On page 87, Emerson goes on to say, “Some patients fail to  know when to display their private parts unashamedly to others and when conceal them like anyone else.  A patient may make an ‘inappropriate’ show of modesty, thus not granting the staff the right to view what medical personnel have the right to view and others do not…If a patient becomes nonchalant enough to allow herself to remain uncovered for much longer than is technically necessary she becomes a threat.”*  Most patients rely on the medical provider to keep them covered appropriately.  Many feel they would interfere with the medical provider if they were to cover themselves before the medical tells them to do so.  Yes, it is true some have no issue with being exposed and aren’t afraid to be inappropriately exposed.  However, what the above quote says to me is there really is no winning situation for the patient because patients really are not sure when they should re-cover themselves.  Patients who are given drugs such as versed (which encourages the patient to be uninhibited) are not generally capable of covering themselves. 

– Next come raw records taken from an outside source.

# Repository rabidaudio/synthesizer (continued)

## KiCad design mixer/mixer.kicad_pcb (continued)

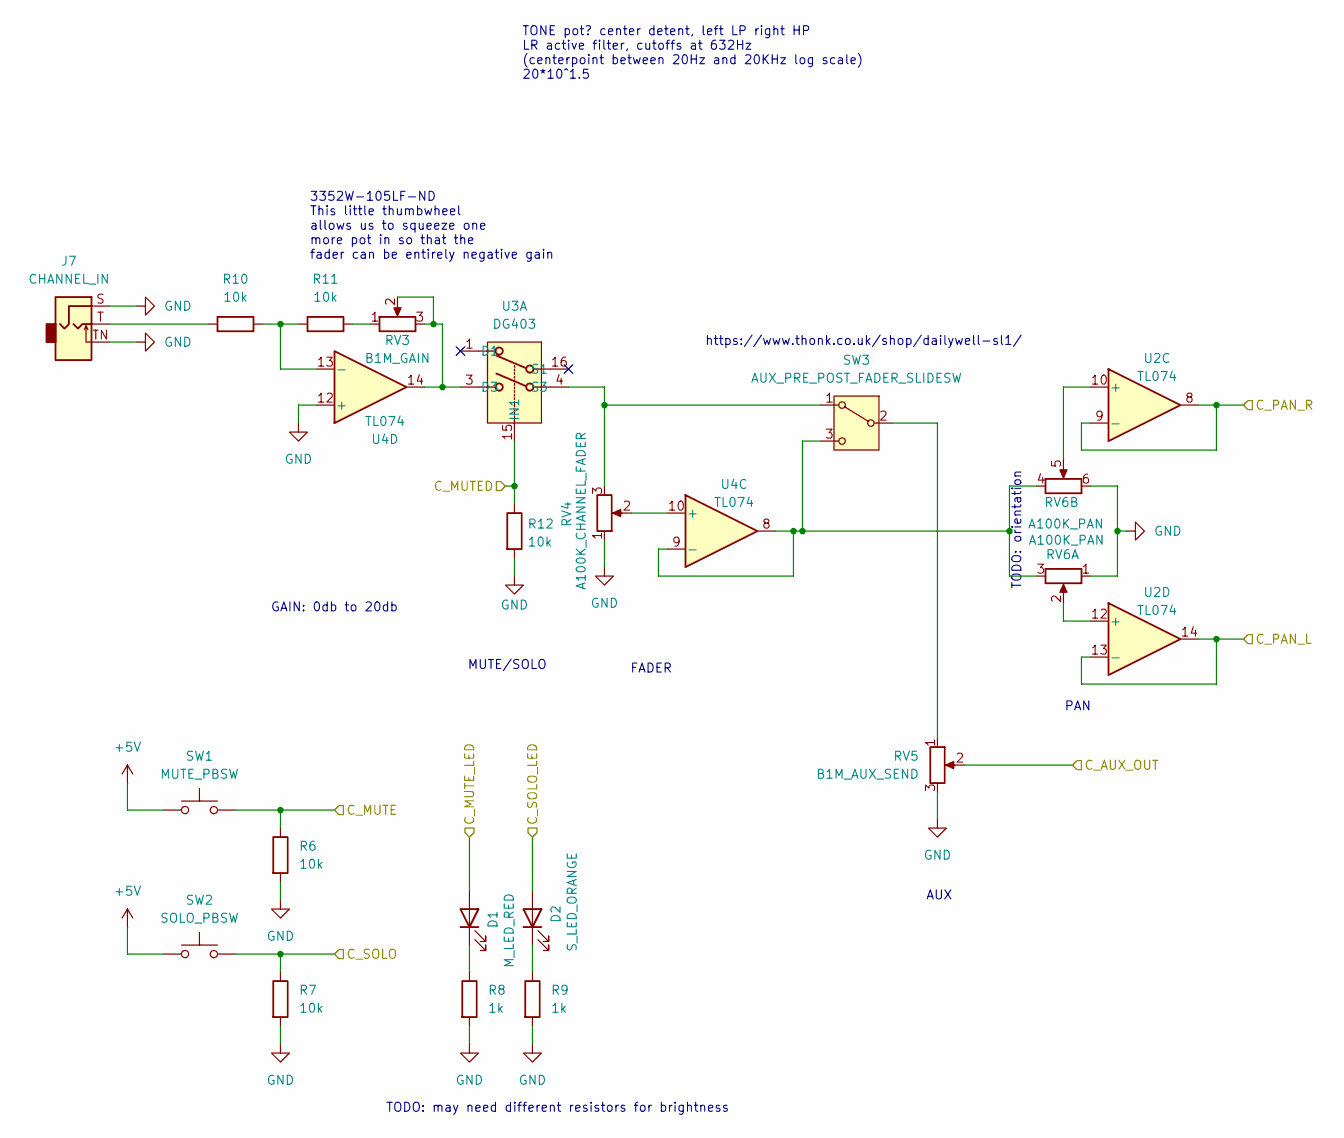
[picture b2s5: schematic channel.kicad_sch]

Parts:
D1: M_LED_RED; LED_D2.0mm_W4.8mm_H2.5mm_FlatTop
D2: S_LED_ORANGE; LED_D2.0mm_W4.8mm_H2.5mm_FlatTop
J7: CHANNEL_IN; Jack_3.5mm_QingPu_WQP-PJ398SM_Vertical_CircularHoles
R6, R7, R10, R11, R12: 10k; R_0603_1608Metric
R8, R9: 1k; R_0603_1608Metric
RV3: B1M_GAIN; 3352W
RV4: A100K_CHANNEL_FADER; Potentiometer_Bourns_PTA3043_Single_Slide
RV5: B1M_AUX_SEND; Potentiometer_Alpha_RD901F-40-00D_Single_Vertical
RV6: A100K_PAN; Potentiometer_Alpha_RD902F-40-00D_Dual_Vertical_CircularHol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
SW1: MUTE_PBSW; SW_PUSH_6mm
SW2: SOLO_PBSW; SW_PUSH_6mm
SW3: AUX_PRE_POST_FADER_SLIDESW; Dailywell SPDT Sub-Mini Slide SW
U2, U4: TL074; SOIC-14_3.9x8.7mm_P1.27mm
U3: DG403; SOIC-16_3.9x9.9mm_P1.27mm

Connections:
+5V: SW1.1, SW2.1; also elsewhere on the board
/Channel Module/C1_MUTE: R6.1, SW1.2; also elsewhere on the board
/Channel Module/C1_MUTED: R12.1, U3.15 (IN1); also elsewhere on the board
/Channel Module/C1_MUTE_LED: D1.2 (A); also elsewhere on the board
/Channel Module/C1_SOLO: R7.1, SW2.2; also elsewhere on the board
/Channel Module/C2_MUTED: U3.10 (IN2); also elsewhere on the board
/Channel Module/C2_MUTE_LED: D2.2 (A); also elsewhere on the board
/Channel Module/Channel1/C_AUX_OUT: RV5.2; also elsewhere on the board
/Channel Module/Channel1/C_PAN_L: U2.13 (-), U2.14; also elsewhere on the board
/Channel Module/Channel1/C_PAN_R: U2.8, U2.9 (-); also elsewhere on the board
/Channel Module/Channel2/C_PAN_L: U2.1, U2.2 (-); also elsewhere on the board
/Channel Module/Channel2/C_PAN_R: U2.6 (-), U2.7; also elsewhere on the board
GND: J7.S, J7.TN, R6.2, R7.2, R8.2, R9.2, R12.2, RV4.1, RV5.3, RV6.1, RV6.6, U4.3 (+), U4.12 (+); also elsewhere on the board
unnamed: D1.1 (K), R8.1
unnamed: D2.1 (K), R9.1
unnamed: J7.T, R10.1
unnamed: R11.2, RV3.1
unnamed: RV4.3, SW3.1 (A), U3.4 (S3)
unnamed: RV5.1, SW3.2 (B)
unnamed: RV6.3, RV6.4, SW3.3 (C), U4.8, U4.9 (-)
unnamed 55: U3.5 (S4); also elsewhere on the board
unnamed 57: U4.6 (-), U4.7; also elsewhere on the board
unnamed 58: U2.3 (+); also elsewhere on the board
unnamed 59: U2.5 (+); also elsewhere on the board
unnamed: RV6.5, U2.10 (+)
unnamed: RV6.2, U2.12 (+)
unnamed: RV3.2, RV3.3, U3.3 (D3), U4.14
unnamed 63: U3.6 (D4), U4.1; also elsewhere on the board
unnamed 64: U4.2 (-); also elsewhere on the board
unnamed 65: U4.5 (+); also elsewhere on the board
unnamed: RV4.2, U4.10 (+)
unnamed: R10.2, R11.1, U4.13 (-)

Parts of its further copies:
D3: M_LED_RED; LED_D2.0mm_W4.8mm_H2.5mm_FlatTop
D4: S_LED_ORANGE; LED_D2.0mm_W4.8mm_H2.5mm_FlatTop
J9: CHANNEL_IN; Jack_3.5mm_QingPu_WQP-PJ398SM_Vertical_CircularHoles
R25, R26, R29, R30, R31: 10k; R_0603_1608Metric
R27, R28: 1k; R_0603_1608Metric
RV7: B1M_GAIN; 3352W
RV8: A100K_CHANNEL_FADER; Potentiometer_Bourns_PTA3043_Single_Slide
RV9: B1M_AUX_SEND; Potentiometer_Alpha_RD901F-40-00D_Single_Vertical
RV10: A100K_PAN; Potentiometer_Alpha_RD902F-40-00D_Dual_Vertical_CircularHol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
SW4: MUTE_PBSW; SW_PUSH_6mm
SW5: SOLO_PBSW; SW_PUSH_6mm
SW6: AUX_PRE_POST_FADER_SLIDESW; Dailywell SPDT Sub-Mini Slide SW

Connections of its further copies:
+5V: SW4.1, SW5.1; also elsewhere on the board
/Channel Module/C1_SOLO_LED: D3.2 (A); also elsewhere on the board
/Channel Module/C2_MUTE: R25.1, SW4.2; also elsewhere on the board
/Channel Module/C2_MUTED: R31.1; also elsewhere on the board
/Channel Module/C2_SOLO: R26.1, SW5.2; also elsewhere on the board
/Channel Module/C2_SOLO_LED: D4.2 (A); also elsewhere on the board
/Channel Module/Channel2/C_AUX_OUT: RV9.2; also elsewhere on the board
GND: J9.S, J9.TN, R25.2, R26.2, R27.2, R28.2, R31.2, RV8.1, RV9.3, RV10.1, RV10.6; also elsewhere on the board
unnamed: D3.1 (K), R27.1
unnamed: D4.1 (K), R28.1
unnamed: J9.T, R29.1
unnamed: R30.2, RV7.1
unnamed 55: RV8.3, SW6.1 (A); also elsewhere on the board
unnamed: RV9.1, SW6.2 (B)
unnamed 57: RV10.3, RV10.4, SW6.3 (C); also elsewhere on the board
unnamed 58: RV10.2; also elsewhere on the board
unnamed 59: RV10.5; also elsewhere on the board
unnamed 63: RV7.2, RV7.3; also elsewhere on the board
unnamed 64: R29.2, R30.1; also elsewhere on the board
unnamed 65: RV8.2; also elsewhere on the board

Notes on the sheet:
MUTE/SOLO
PAN
TODO: orientation
GAIN: 0db to 20db
AUX
FADER
3352W-105LF-ND This little thumbwheel allows us to squeeze one more pot in so that the fader can be entirely negative gain
TODO: may need different resistors for brightness
TONE pot? center detent, left LP right HP LR active filter, cutoffs at 632Hz (centerpoint between 20Hz and 20KHz log scale) 20*10^1.5
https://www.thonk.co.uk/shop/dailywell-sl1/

On page 90, Emerson comes in with this little scenario, “While in most encounters the nurse remains quietly in the background….one of the main functions of her presence is to provide a team member for the doctor in those occasional instances where the patient threatens to get out of line…Doctor and nurse may collude against an uncooperative patient, as by giving each other significant looks.  If things reach the point of staff collusion, however, it may mean that only by excluding the patient…cast the patient into the role of an ‘emotionally disturbed person.’”*   Is this what happened that night they decided to medically assault my husband?  Did they decide by their private looks that because he was advocating for his care instead of being the typical heart attack patient (the one who says “Dr. do whatever you have to in order to save my life) that he should be excluded from his care and they would treat him as an ‘emotionally disturbed person’?  Realize the significance of it being confirmed the nurse, the chaperone, is being used against the patient.  Emerson goes on to say “Whatever an ‘emotionally disturbed person’ may think or do does not count against the reality the rest of us acknowledge.”*   This certainly goes a long way in giving proof they do feel justify to defy patient consent.

I think that although this articles deals primarily with the gynecological exam, the principles Emerson expressed here does apply to other areas in the medical field.  This article is from 2008 and many, many medical providers from that time are still in practice.  It appears to represent the view many of them have about patient autonomy and patients in general thus clearly explaining out many have a paternalistic view of patients.